La cérémonie de béatification de Ján Havlík aura lieu le samedi 31 août 2024 dans le sanctuaire national, la basilique de la Vierge Marie des Sept Douleurs à Šaštín. Voici le programme officiel de la célébration. En prévision de ce grand événement de grâce, le Père Marlio Nasayó Liévano, cm, nous présente la vie de notre Serviteur de Dieu.

 

 

Premier séminariste vincentien: Jan havlik, cm à la gloire des autels

 

Sur les autels de la Congrégation de la Mission, nous vénérons des missionnaires avec des équipes pastorales, des prêtres sanctifiés dans les couloirs et les salles de classe des séminaires et sur les sentiers missionnaires, et d’humbles frères sanctifiés comme Marta dans la vie missionnaire cachée. Parmi eux, 64 fils du Seigneur de Paul brillent d’une auréole qui leur est propre. Mais il y avait une niche vide, celle des séminaristes, qu’aujourd’hui, à la veille du 400e anniversaire de la “Petite Compagnie”, Jan Havrik occupe.

Il a mené une vie sainte, excellent dans le chant, doué pour la parole, dévoué à la Mère Miraculeuse, persévérant et aimant la prière, toujours fidèle à sa vocation chrétienne et vincentienne au milieu de la croix et de la persécution.

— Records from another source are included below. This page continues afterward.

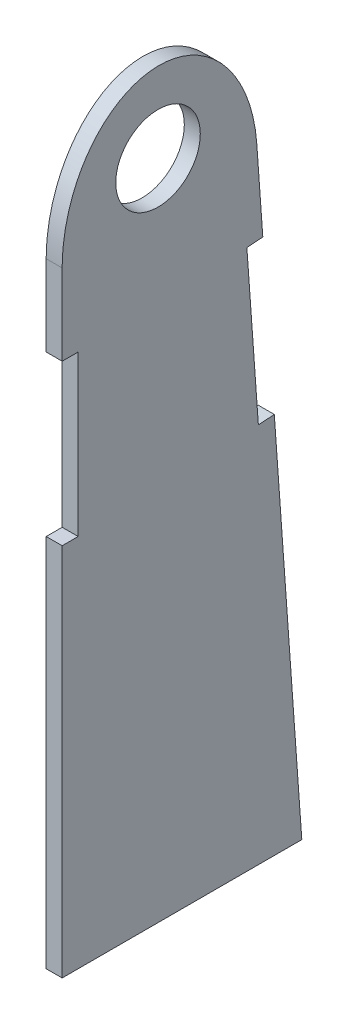
ISO-10303-21;
HEADER;
FILE_DESCRIPTION(('STEP AP214'),'2;1');
FILE_NAME('part.step','',(''),(''),'','','');
FILE_SCHEMA(('AUTOMOTIVE_DESIGN { 1 0 10303 214 1 1 1 1 }'));
ENDSEC;
DATA;
#1=APPLICATION_CONTEXT('core data for automotive mechanical design processes');
#2=APPLICATION_PROTOCOL_DEFINITION('international standard','automotive_design',2000,#1);
#3=PRODUCT_CONTEXT('',#1,'mechanical');
#4=PRODUCT('Part','Part','',(#3));
#5=PRODUCT_RELATED_PRODUCT_CATEGORY('part','',(#4));
#6=PRODUCT_DEFINITION_FORMATION('','',#4);
#7=PRODUCT_DEFINITION_CONTEXT('part definition',#1,'design');
#8=PRODUCT_DEFINITION('design','',#6,#7);
#9=PRODUCT_DEFINITION_SHAPE('','',#8);
#10=(LENGTH_UNIT() NAMED_UNIT(*) SI_UNIT(.MILLI.,.METRE.));
#11=(NAMED_UNIT(*) PLANE_ANGLE_UNIT() SI_UNIT($,.RADIAN.));
#12=(NAMED_UNIT(*) SI_UNIT($,.STERADIAN.) SOLID_ANGLE_UNIT());
#13=UNCERTAINTY_MEASURE_WITH_UNIT(LENGTH_MEASURE(1.E-05),#10,'distance_accuracy_value','');
#14=(GEOMETRIC_REPRESENTATION_CONTEXT(3) GLOBAL_UNCERTAINTY_ASSIGNED_CONTEXT((#13)) GLOBAL_UNIT_ASSIGNED_CONTEXT((#10,
#11,#12)) REPRESENTATION_CONTEXT('',''));
#15=CARTESIAN_POINT('',(0.,0.,0.));
#16=DIRECTION('',(0.,0.,1.));
#17=DIRECTION('',(1.,0.,0.));
#18=AXIS2_PLACEMENT_3D('',#15,#16,#17);
#19=CARTESIAN_POINT('',(1.5875,0.,0.));
#20=DIRECTION('',(1.,0.,0.));
#21=DIRECTION('',(0.,0.,-1.));
#22=AXIS2_PLACEMENT_3D('',#19,#20,#21);
#23=PLANE('',#22);
#24=CARTESIAN_POINT('',(1.5875,0.,0.));
#25=DIRECTION('',(1.,0.,0.));
#26=DIRECTION('',(0.,0.,-1.));
#27=AXIS2_PLACEMENT_3D('',#24,#25,#26);
#28=CIRCLE('',#27,4.2);
#29=CARTESIAN_POINT('',(1.5875,0.,-4.2));
#30=VERTEX_POINT('',#29);
#31=EDGE_CURVE('E240',#30,#30,#28,.T.);
#32=ORIENTED_EDGE('',*,*,#31,.F.);
#33=EDGE_LOOP('',(#32));
#34=FACE_BOUND('',#33,.T.);
#35=DIRECTION('',(0.,0.997415809527486,0.0718449922028656));
#36=VECTOR('',#35,1.);
#37=CARTESIAN_POINT('',(1.5875,0.684323550732295,-9.50038558574931));
#38=LINE('',#37,#36);
#39=CARTESIAN_POINT('',(1.5875,-11.9828572302668,-10.4128169867257));
#40=VERTEX_POINT('',#39);
#41=CARTESIAN_POINT('',(1.5875,-3.65835279360995,-9.81319348905159));
#42=VERTEX_POINT('',#41);
#43=EDGE_CURVE('E189',#40,#42,#38,.T.);
#44=ORIENTED_EDGE('',*,*,#43,.T.);
#45=CARTESIAN_POINT('',(1.5875,-4.7625,-0.165572585401585));
#46=DIRECTION('',(1.,0.,0.));
#47=DIRECTION('',(0.,0.999915026390816,0.0130361036300332));
#48=AXIS2_PLACEMENT_3D('',#45,#46,#47);
#49=ELLIPSE('',#48,12.701079256545,9.68998139284341);
#50=CARTESIAN_POINT('',(1.5875,-4.67180966686049,9.52500000000001));
#51=VERTEX_POINT('',#50);
#52=EDGE_CURVE('E248',#42,#51,#49,.T.);
#53=ORIENTED_EDGE('',*,*,#52,.T.);
#54=DIRECTION('',(0.,1.,0.));
#55=VECTOR('',#54,1.);
#56=CARTESIAN_POINT('',(1.5875,0.,9.525));
#57=LINE('',#56,#55);
#58=CARTESIAN_POINT('',(1.5875,-12.7,9.52500000000002));
#59=VERTEX_POINT('',#58);
#60=EDGE_CURVE('E226',#59,#51,#57,.T.);
#61=ORIENTED_EDGE('',*,*,#60,.F.);
#62=DIRECTION('',(0.,0.,-1.));
#63=VECTOR('',#62,1.);
#64=CARTESIAN_POINT('',(1.5875,-12.7,0.));
#65=LINE('',#64,#63);
#66=CARTESIAN_POINT('',(1.5875,-12.7,7.93750000000001));
#67=VERTEX_POINT('',#66);
#68=EDGE_CURVE('E222',#59,#67,#65,.T.);
#69=ORIENTED_EDGE('',*,*,#68,.T.);
#70=DIRECTION('',(0.,1.,0.));
#71=VECTOR('',#70,1.);
#72=CARTESIAN_POINT('',(1.5875,0.,7.93749999999998));
#73=LINE('',#72,#71);
#74=CARTESIAN_POINT('',(1.5875,-28.575,7.93750000000005));
#75=VERTEX_POINT('',#74);
#76=EDGE_CURVE('E206',#75,#67,#73,.T.);
#77=ORIENTED_EDGE('',*,*,#76,.F.);
#78=DIRECTION('',(0.,0.,-1.));
#79=VECTOR('',#78,1.);
#80=CARTESIAN_POINT('',(1.5875,-28.575,0.));
#81=LINE('',#80,#79);
#82=CARTESIAN_POINT('',(1.5875,-28.575,9.52500000000005));
#83=VERTEX_POINT('',#82);
#84=EDGE_CURVE('E218',#83,#75,#81,.T.);
#85=ORIENTED_EDGE('',*,*,#84,.F.);
#86=CARTESIAN_POINT('',(1.5875,-65.7746383391697,9.52500000000011));
#87=VERTEX_POINT('',#86);
#88=EDGE_CURVE('E224',#87,#83,#57,.T.);
#89=ORIENTED_EDGE('',*,*,#88,.F.);
#90=DIRECTION('',(0.,0.,1.));
#91=VECTOR('',#90,1.);
#92=CARTESIAN_POINT('',(1.5875,-65.7746383391697,0.));
#93=LINE('',#92,#91);
#94=CARTESIAN_POINT('',(1.5875,-65.7746383391697,-14.2875));
#95=VERTEX_POINT('',#94);
#96=EDGE_CURVE('E229',#95,#87,#93,.T.);
#97=ORIENTED_EDGE('',*,*,#96,.F.);
#98=CARTESIAN_POINT('',(1.5875,-27.8168332065156,-11.5533562379462));
#99=VERTEX_POINT('',#98);
#100=EDGE_CURVE('E141',#95,#99,#38,.T.);
#101=ORIENTED_EDGE('',*,*,#100,.T.);
#102=DIRECTION('',(0.,-0.0718449922028648,0.997415809527486));
#103=VECTOR('',#102,1.);
#104=CARTESIAN_POINT('',(1.5875,-28.5011567572479,-2.05297065219686));
#105=LINE('',#104,#103);
#106=CARTESIAN_POINT('',(1.5875,-27.9308871316377,-9.96995864032131));
#107=VERTEX_POINT('',#106);
#108=EDGE_CURVE('E132',#99,#107,#105,.T.);
#109=ORIENTED_EDGE('',*,*,#108,.T.);
#110=DIRECTION('',(0.,0.997415809527486,0.0718449922028657));
#111=VECTOR('',#110,1.);
#112=CARTESIAN_POINT('',(1.5875,0.570269625610247,-7.91698798812442));
#113=LINE('',#112,#111);
#114=CARTESIAN_POINT('',(1.5875,-12.0969111553888,-8.82941938910081));
#115=VERTEX_POINT('',#114);
#116=EDGE_CURVE('E137',#107,#115,#113,.T.);
#117=ORIENTED_EDGE('',*,*,#116,.T.);
#118=DIRECTION('',(0.,-0.0718449922028669,0.997415809527486));
#119=VECTOR('',#118,1.);
#120=CARTESIAN_POINT('',(1.5875,-12.6671807809991,-0.91243140097641));
#121=LINE('',#120,#119);
#122=EDGE_CURVE('E158',#40,#115,#121,.T.);
#123=ORIENTED_EDGE('',*,*,#122,.F.);
#124=EDGE_LOOP('',(#44,#53,#61,#69,#77,#85,#89,#97,#101,#109,#117,#123));
#125=FACE_BOUND('',#124,.T.);
#126=ADVANCED_FACE('F40',(#34,#125),#23,.T.);
#127=CARTESIAN_POINT('',(0.,0.,0.));
#128=DIRECTION('',(1.,0.,0.));
#129=DIRECTION('',(0.,0.,-1.));
#130=AXIS2_PLACEMENT_3D('',#127,#128,#129);
#131=PLANE('',#130);
#132=CARTESIAN_POINT('',(0.,0.,0.));
#133=DIRECTION('',(1.,0.,0.));
#134=DIRECTION('',(0.,0.,-1.));
#135=AXIS2_PLACEMENT_3D('',#132,#133,#134);
#136=CIRCLE('',#135,4.2);
#137=CARTESIAN_POINT('',(0.,0.,-4.2));
#138=VERTEX_POINT('',#137);
#139=EDGE_CURVE('E166',#138,#138,#136,.T.);
#140=ORIENTED_EDGE('',*,*,#139,.T.);
#141=EDGE_LOOP('',(#140));
#142=FACE_BOUND('',#141,.T.);
#143=CARTESIAN_POINT('',(0.,-4.7625,-0.165572585401585));
#144=DIRECTION('',(1.,0.,0.));
#145=DIRECTION('',(0.,0.999915026390816,0.0130361036300332));
#146=AXIS2_PLACEMENT_3D('',#143,#144,#145);
#147=ELLIPSE('',#146,12.701079256545,9.68998139284341);
#148=CARTESIAN_POINT('',(0.,-3.65835279360995,-9.81319348905159));
#149=VERTEX_POINT('',#148);
#150=CARTESIAN_POINT('',(0.,-4.67180966686049,9.52500000000001));
#151=VERTEX_POINT('',#150);
#152=EDGE_CURVE('E245',#149,#151,#147,.T.);
#153=ORIENTED_EDGE('',*,*,#152,.F.);
#154=DIRECTION('',(0.,0.997415809527486,0.0718449922028656));
#155=VECTOR('',#154,1.);
#156=CARTESIAN_POINT('',(0.,0.684323550732295,-9.50038558574931));
#157=LINE('',#156,#155);
#158=CARTESIAN_POINT('',(0.,-11.9828572302668,-10.4128169867257));
#159=VERTEX_POINT('',#158);
#160=EDGE_CURVE('E163',#159,#149,#157,.T.);
#161=ORIENTED_EDGE('',*,*,#160,.F.);
#162=DIRECTION('',(0.,-0.0718449922028669,0.997415809527486));
#163=VECTOR('',#162,1.);
#164=CARTESIAN_POINT('',(0.,-12.6671807809991,-0.91243140097641));
#165=LINE('',#164,#163);
#166=CARTESIAN_POINT('',(0.,-12.0969111553888,-8.82941938910081));
#167=VERTEX_POINT('',#166);
#168=EDGE_CURVE('E186',#159,#167,#165,.T.);
#169=ORIENTED_EDGE('',*,*,#168,.T.);
#170=DIRECTION('',(0.,0.997415809527486,0.0718449922028657));
#171=VECTOR('',#170,1.);
#172=CARTESIAN_POINT('',(0.,0.570269625610247,-7.91698798812442));
#173=LINE('',#172,#171);
#174=CARTESIAN_POINT('',(0.,-27.9308871316377,-9.96995864032131));
#175=VERTEX_POINT('',#174);
#176=EDGE_CURVE('E184',#175,#167,#173,.T.);
#177=ORIENTED_EDGE('',*,*,#176,.F.);
#178=DIRECTION('',(0.,-0.0718449922028648,0.997415809527486));
#179=VECTOR('',#178,1.);
#180=CARTESIAN_POINT('',(0.,-28.5011567572479,-2.05297065219686));
#181=LINE('',#180,#179);
#182=CARTESIAN_POINT('',(0.,-27.8168332065156,-11.5533562379462));
#183=VERTEX_POINT('',#182);
#184=EDGE_CURVE('E150',#183,#175,#181,.T.);
#185=ORIENTED_EDGE('',*,*,#184,.F.);
#186=CARTESIAN_POINT('',(0.,-65.7746383391697,-14.2875));
#187=VERTEX_POINT('',#186);
#188=EDGE_CURVE('E167',#187,#183,#157,.T.);
#189=ORIENTED_EDGE('',*,*,#188,.F.);
#190=DIRECTION('',(0.,0.,1.));
#191=VECTOR('',#190,1.);
#192=CARTESIAN_POINT('',(0.,-65.7746383391697,0.));
#193=LINE('',#192,#191);
#194=CARTESIAN_POINT('',(0.,-65.7746383391697,9.52500000000011));
#195=VERTEX_POINT('',#194);
#196=EDGE_CURVE('E180',#187,#195,#193,.T.);
#197=ORIENTED_EDGE('',*,*,#196,.T.);
#198=DIRECTION('',(0.,1.,0.));
#199=VECTOR('',#198,1.);
#200=CARTESIAN_POINT('',(0.,0.,9.525));
#201=LINE('',#200,#199);
#202=CARTESIAN_POINT('',(0.,-28.575,9.52500000000005));
#203=VERTEX_POINT('',#202);
#204=EDGE_CURVE('E171',#195,#203,#201,.T.);
#205=ORIENTED_EDGE('',*,*,#204,.T.);
#206=DIRECTION('',(0.,0.,-1.));
#207=VECTOR('',#206,1.);
#208=CARTESIAN_POINT('',(0.,-28.575,0.));
#209=LINE('',#208,#207);
#210=CARTESIAN_POINT('',(0.,-28.575,7.93750000000005));
#211=VERTEX_POINT('',#210);
#212=EDGE_CURVE('E177',#203,#211,#209,.T.);
#213=ORIENTED_EDGE('',*,*,#212,.T.);
#214=DIRECTION('',(0.,1.,0.));
#215=VECTOR('',#214,1.);
#216=CARTESIAN_POINT('',(0.,0.,7.93749999999998));
#217=LINE('',#216,#215);
#218=CARTESIAN_POINT('',(0.,-12.7,7.93750000000001));
#219=VERTEX_POINT('',#218);
#220=EDGE_CURVE('E174',#211,#219,#217,.T.);
#221=ORIENTED_EDGE('',*,*,#220,.T.);
#222=DIRECTION('',(0.,0.,-1.));
#223=VECTOR('',#222,1.);
#224=CARTESIAN_POINT('',(0.,-12.7,0.));
#225=LINE('',#224,#223);
#226=CARTESIAN_POINT('',(0.,-12.7,9.52500000000002));
#227=VERTEX_POINT('',#226);
#228=EDGE_CURVE('E170',#227,#219,#225,.T.);
#229=ORIENTED_EDGE('',*,*,#228,.F.);
#230=EDGE_CURVE('E165',#227,#151,#201,.T.);
#231=ORIENTED_EDGE('',*,*,#230,.T.);
#232=EDGE_LOOP('',(#153,#161,#169,#177,#185,#189,#197,#205,#213,#221,#229,#231));
#233=FACE_BOUND('',#232,.T.);
#234=ADVANCED_FACE('F210',(#142,#233),#131,.F.);
#235=CARTESIAN_POINT('',(1.5875,0.684323550732295,-9.50038558574931));
#236=DIRECTION('',(0.,-0.0718449922028656,0.997415809527486));
#237=DIRECTION('',(0.,-0.997415809527486,-0.0718449922028656));
#238=AXIS2_PLACEMENT_3D('',#235,#236,#237);
#239=PLANE('',#238);
#240=ORIENTED_EDGE('',*,*,#160,.T.);
#241=DIRECTION('',(1.,0.,0.));
#242=VECTOR('',#241,1.);
#243=CARTESIAN_POINT('',(0.,-3.65835279360995,-9.81319348905159));
#244=LINE('',#243,#242);
#245=EDGE_CURVE('E55',#149,#42,#244,.T.);
#246=ORIENTED_EDGE('',*,*,#245,.T.);
#247=ORIENTED_EDGE('',*,*,#43,.F.);
#248=DIRECTION('',(-1.,0.,0.));
#249=VECTOR('',#248,1.);
#250=CARTESIAN_POINT('',(1.5875,-11.9828572302668,-10.4128169867257));
#251=LINE('',#250,#249);
#252=EDGE_CURVE('E64',#40,#159,#251,.T.);
#253=ORIENTED_EDGE('',*,*,#252,.T.);
#254=EDGE_LOOP('',(#240,#246,#247,#253));
#255=FACE_BOUND('',#254,.T.);
#256=ADVANCED_FACE('F265',(#255),#239,.F.);
#257=CARTESIAN_POINT('',(1.5875,0.,9.525));
#258=DIRECTION('',(0.,0.,1.));
#259=DIRECTION('',(0.,-1.,0.));
#260=AXIS2_PLACEMENT_3D('',#257,#258,#259);
#261=PLANE('',#260);
#262=DIRECTION('',(1.,0.,0.));
#263=VECTOR('',#262,1.);
#264=CARTESIAN_POINT('',(0.,-4.67180966686049,9.52500000000001));
#265=LINE('',#264,#263);
#266=EDGE_CURVE('E243',#151,#51,#265,.T.);
#267=ORIENTED_EDGE('',*,*,#266,.F.);
#268=ORIENTED_EDGE('',*,*,#230,.F.);
#269=DIRECTION('',(-1.,0.,0.));
#270=VECTOR('',#269,1.);
#271=CARTESIAN_POINT('',(1.5875,-12.7,9.52500000000002));
#272=LINE('',#271,#270);
#273=EDGE_CURVE('E11',#59,#227,#272,.T.);
#274=ORIENTED_EDGE('',*,*,#273,.F.);
#275=ORIENTED_EDGE('',*,*,#60,.T.);
#276=EDGE_LOOP('',(#267,#268,#274,#275));
#277=FACE_BOUND('',#276,.T.);
#278=ADVANCED_FACE('F283',(#277),#261,.T.);
#279=CARTESIAN_POINT('',(1.5875,-12.7,0.));
#280=DIRECTION('',(0.,1.,0.));
#281=DIRECTION('',(0.,0.,1.));
#282=AXIS2_PLACEMENT_3D('',#279,#280,#281);
#283=PLANE('',#282);
#284=ORIENTED_EDGE('',*,*,#228,.T.);
#285=DIRECTION('',(-1.,0.,0.));
#286=VECTOR('',#285,1.);
#287=CARTESIAN_POINT('',(1.5875,-12.7,7.93750000000001));
#288=LINE('',#287,#286);
#289=EDGE_CURVE('E48',#67,#219,#288,.T.);
#290=ORIENTED_EDGE('',*,*,#289,.F.);
#291=ORIENTED_EDGE('',*,*,#68,.F.);
#292=ORIENTED_EDGE('',*,*,#273,.T.);
#293=EDGE_LOOP('',(#284,#290,#291,#292));
#294=FACE_BOUND('',#293,.T.);
#295=ADVANCED_FACE('F42',(#294),#283,.F.);
#296=CARTESIAN_POINT('',(1.5875,0.,7.93749999999998));
#297=DIRECTION('',(0.,0.,1.));
#298=DIRECTION('',(0.,-1.,0.));
#299=AXIS2_PLACEMENT_3D('',#296,#297,#298);
#300=PLANE('',#299);
#301=ORIENTED_EDGE('',*,*,#220,.F.);
#302=DIRECTION('',(-1.,0.,0.));
#303=VECTOR('',#302,1.);
#304=CARTESIAN_POINT('',(1.5875,-28.575,7.93750000000005));
#305=LINE('',#304,#303);
#306=EDGE_CURVE('E199',#75,#211,#305,.T.);
#307=ORIENTED_EDGE('',*,*,#306,.F.);
#308=ORIENTED_EDGE('',*,*,#76,.T.);
#309=ORIENTED_EDGE('',*,*,#289,.T.);
#310=EDGE_LOOP('',(#301,#307,#308,#309));
#311=FACE_BOUND('',#310,.T.);
#312=ADVANCED_FACE('F204',(#311),#300,.T.);
#313=CARTESIAN_POINT('',(1.5875,-28.575,0.));
#314=DIRECTION('',(0.,1.,0.));
#315=DIRECTION('',(0.,0.,1.));
#316=AXIS2_PLACEMENT_3D('',#313,#314,#315);
#317=PLANE('',#316);
#318=ORIENTED_EDGE('',*,*,#212,.F.);
#319=DIRECTION('',(-1.,0.,0.));
#320=VECTOR('',#319,1.);
#321=CARTESIAN_POINT('',(1.5875,-28.575,9.52500000000005));
#322=LINE('',#321,#320);
#323=EDGE_CURVE('E197',#83,#203,#322,.T.);
#324=ORIENTED_EDGE('',*,*,#323,.F.);
#325=ORIENTED_EDGE('',*,*,#84,.T.);
#326=ORIENTED_EDGE('',*,*,#306,.T.);
#327=EDGE_LOOP('',(#318,#324,#325,#326));
#328=FACE_BOUND('',#327,.T.);
#329=ADVANCED_FACE('F215',(#328),#317,.T.);
#330=ORIENTED_EDGE('',*,*,#204,.F.);
#331=DIRECTION('',(-1.,0.,0.));
#332=VECTOR('',#331,1.);
#333=CARTESIAN_POINT('',(1.5875,-65.7746383391697,9.52500000000011));
#334=LINE('',#333,#332);
#335=EDGE_CURVE('E195',#87,#195,#334,.T.);
#336=ORIENTED_EDGE('',*,*,#335,.F.);
#337=ORIENTED_EDGE('',*,*,#88,.T.);
#338=ORIENTED_EDGE('',*,*,#323,.T.);
#339=EDGE_LOOP('',(#330,#336,#337,#338));
#340=FACE_BOUND('',#339,.T.);
#341=ADVANCED_FACE('F280',(#340),#261,.T.);
#342=CARTESIAN_POINT('',(1.5875,-65.7746383391697,0.));
#343=DIRECTION('',(0.,-1.,0.));
#344=DIRECTION('',(0.,0.,-1.));
#345=AXIS2_PLACEMENT_3D('',#342,#343,#344);
#346=PLANE('',#345);
#347=ORIENTED_EDGE('',*,*,#196,.F.);
#348=DIRECTION('',(-1.,0.,0.));
#349=VECTOR('',#348,1.);
#350=CARTESIAN_POINT('',(1.5875,-65.7746383391697,-14.2875));
#351=LINE('',#350,#349);
#352=EDGE_CURVE('E193',#95,#187,#351,.T.);
#353=ORIENTED_EDGE('',*,*,#352,.F.);
#354=ORIENTED_EDGE('',*,*,#96,.T.);
#355=ORIENTED_EDGE('',*,*,#335,.T.);
#356=EDGE_LOOP('',(#347,#353,#354,#355));
#357=FACE_BOUND('',#356,.T.);
#358=ADVANCED_FACE('F276',(#357),#346,.T.);
#359=ORIENTED_EDGE('',*,*,#188,.T.);
#360=DIRECTION('',(-1.,0.,0.));
#361=VECTOR('',#360,1.);
#362=CARTESIAN_POINT('',(1.5875,-27.8168332065156,-11.5533562379462));
#363=LINE('',#362,#361);
#364=EDGE_CURVE('E154',#99,#183,#363,.T.);
#365=ORIENTED_EDGE('',*,*,#364,.F.);
#366=ORIENTED_EDGE('',*,*,#100,.F.);
#367=ORIENTED_EDGE('',*,*,#352,.T.);
#368=EDGE_LOOP('',(#359,#365,#366,#367));
#369=FACE_BOUND('',#368,.T.);
#370=ADVANCED_FACE('F273',(#369),#239,.F.);
#371=CARTESIAN_POINT('',(1.5875,-28.5011567572479,-2.05297065219686));
#372=DIRECTION('',(0.,-0.997415809527486,-0.0718449922028647));
#373=DIRECTION('',(0.,0.0718449922028648,-0.997415809527486));
#374=AXIS2_PLACEMENT_3D('',#371,#372,#373);
#375=PLANE('',#374);
#376=ORIENTED_EDGE('',*,*,#184,.T.);
#377=DIRECTION('',(-1.,0.,0.));
#378=VECTOR('',#377,1.);
#379=CARTESIAN_POINT('',(1.5875,-27.9308871316377,-9.96995864032131));
#380=LINE('',#379,#378);
#381=EDGE_CURVE('E147',#107,#175,#380,.T.);
#382=ORIENTED_EDGE('',*,*,#381,.F.);
#383=ORIENTED_EDGE('',*,*,#108,.F.);
#384=ORIENTED_EDGE('',*,*,#364,.T.);
#385=EDGE_LOOP('',(#376,#382,#383,#384));
#386=FACE_BOUND('',#385,.T.);
#387=ADVANCED_FACE('F148',(#386),#375,.F.);
#388=CARTESIAN_POINT('',(1.5875,0.570269625610247,-7.91698798812442));
#389=DIRECTION('',(0.,-0.0718449922028657,0.997415809527486));
#390=DIRECTION('',(0.,-0.997415809527486,-0.0718449922028657));
#391=AXIS2_PLACEMENT_3D('',#388,#389,#390);
#392=PLANE('',#391);
#393=ORIENTED_EDGE('',*,*,#176,.T.);
#394=DIRECTION('',(-1.,0.,0.));
#395=VECTOR('',#394,1.);
#396=CARTESIAN_POINT('',(1.5875,-12.0969111553888,-8.82941938910081));
#397=LINE('',#396,#395);
#398=EDGE_CURVE('E155',#115,#167,#397,.T.);
#399=ORIENTED_EDGE('',*,*,#398,.F.);
#400=ORIENTED_EDGE('',*,*,#116,.F.);
#401=ORIENTED_EDGE('',*,*,#381,.T.);
#402=EDGE_LOOP('',(#393,#399,#400,#401));
#403=FACE_BOUND('',#402,.T.);
#404=ADVANCED_FACE('F157',(#403),#392,.F.);
#405=CARTESIAN_POINT('',(1.5875,-12.6671807809991,-0.91243140097641));
#406=DIRECTION('',(0.,-0.997415809527486,-0.0718449922028669));
#407=DIRECTION('',(0.,0.0718449922028669,-0.997415809527486));
#408=AXIS2_PLACEMENT_3D('',#405,#406,#407);
#409=PLANE('',#408);
#410=ORIENTED_EDGE('',*,*,#168,.F.);
#411=ORIENTED_EDGE('',*,*,#252,.F.);
#412=ORIENTED_EDGE('',*,*,#122,.T.);
#413=ORIENTED_EDGE('',*,*,#398,.T.);
#414=EDGE_LOOP('',(#410,#411,#412,#413));
#415=FACE_BOUND('',#414,.T.);
#416=ADVANCED_FACE('F258',(#415),#409,.T.);
#417=CARTESIAN_POINT('',(1.5875,0.,0.));
#418=DIRECTION('',(1.,0.,0.));
#419=DIRECTION('',(0.,0.,-1.));
#420=AXIS2_PLACEMENT_3D('',#417,#418,#419);
#421=CYLINDRICAL_SURFACE('',#420,4.2);
#422=ORIENTED_EDGE('',*,*,#139,.F.);
#423=EDGE_LOOP('',(#422));
#424=FACE_BOUND('',#423,.T.);
#425=ORIENTED_EDGE('',*,*,#31,.T.);
#426=EDGE_LOOP('',(#425));
#427=FACE_BOUND('',#426,.T.);
#428=ADVANCED_FACE('F255',(#424,#427),#421,.F.);
#429=DIRECTION('',(1.,0.,0.));
#430=VECTOR('',#429,1.);
#431=SURFACE_OF_LINEAR_EXTRUSION('',#147,#430);
#432=ORIENTED_EDGE('',*,*,#52,.F.);
#433=ORIENTED_EDGE('',*,*,#245,.F.);
#434=ORIENTED_EDGE('',*,*,#152,.T.);
#435=ORIENTED_EDGE('',*,*,#266,.T.);
#436=EDGE_LOOP('',(#432,#433,#434,#435));
#437=FACE_BOUND('',#436,.T.);
#438=ADVANCED_FACE('F252',(#437),#431,.T.);
#439=CLOSED_SHELL('',(#126,#234,#256,#278,#295,#312,#329,#341,#358,#370,#387,#404,#416,#428,#438));
#440=MANIFOLD_SOLID_BREP('B2',#439);
#441=ADVANCED_BREP_SHAPE_REPRESENTATION('',(#18,#440),#14);
#442=SHAPE_DEFINITION_REPRESENTATION(#9,#441);
ENDSEC;
END-ISO-10303-21;

Le 9 juin 2013, l’enquête diocésaine sur son martyre a débuté, le Congrès des théologiens, réuni le 30 mars 2023, a approuvé son martyre et, le 14 décembre de la même année, le pape François a autorisé la promulgation du décret du martyre, la béatification solennelle étant prévue pour le 31 août 2024 à Šaštin (Slovaquie). Le représentant du Souverain Pontife sera le cardinal Marcello Semeraro, préfet du dicastère pour les causes des saints.

La semence de Dieu a germé dans la forge familiale

Je m’inspire pour commencer notre réflexion des paroles de Notre Seigneur dans l’Évangile selon Matthieu 3, 9, lorsqu’il dit que “Dieu peut faire des enfants d’Abraham à partir de pierres”, et sans forcer le texte à dire que s’il en était ainsi, à plus forte raison les tirerait-il d’une terre fertile et bien cultivée. Notre frère Jan n’est pas venu d’un champ pierreux et stérile, mais d’une terre fertile et bien cultivée, comme l’était la maison de Karol et Justina, et il a été le premier et le plus extraordinaire des fruits, qui a montré le chemin de Dieu à ses trois frères qui sont venus après lui.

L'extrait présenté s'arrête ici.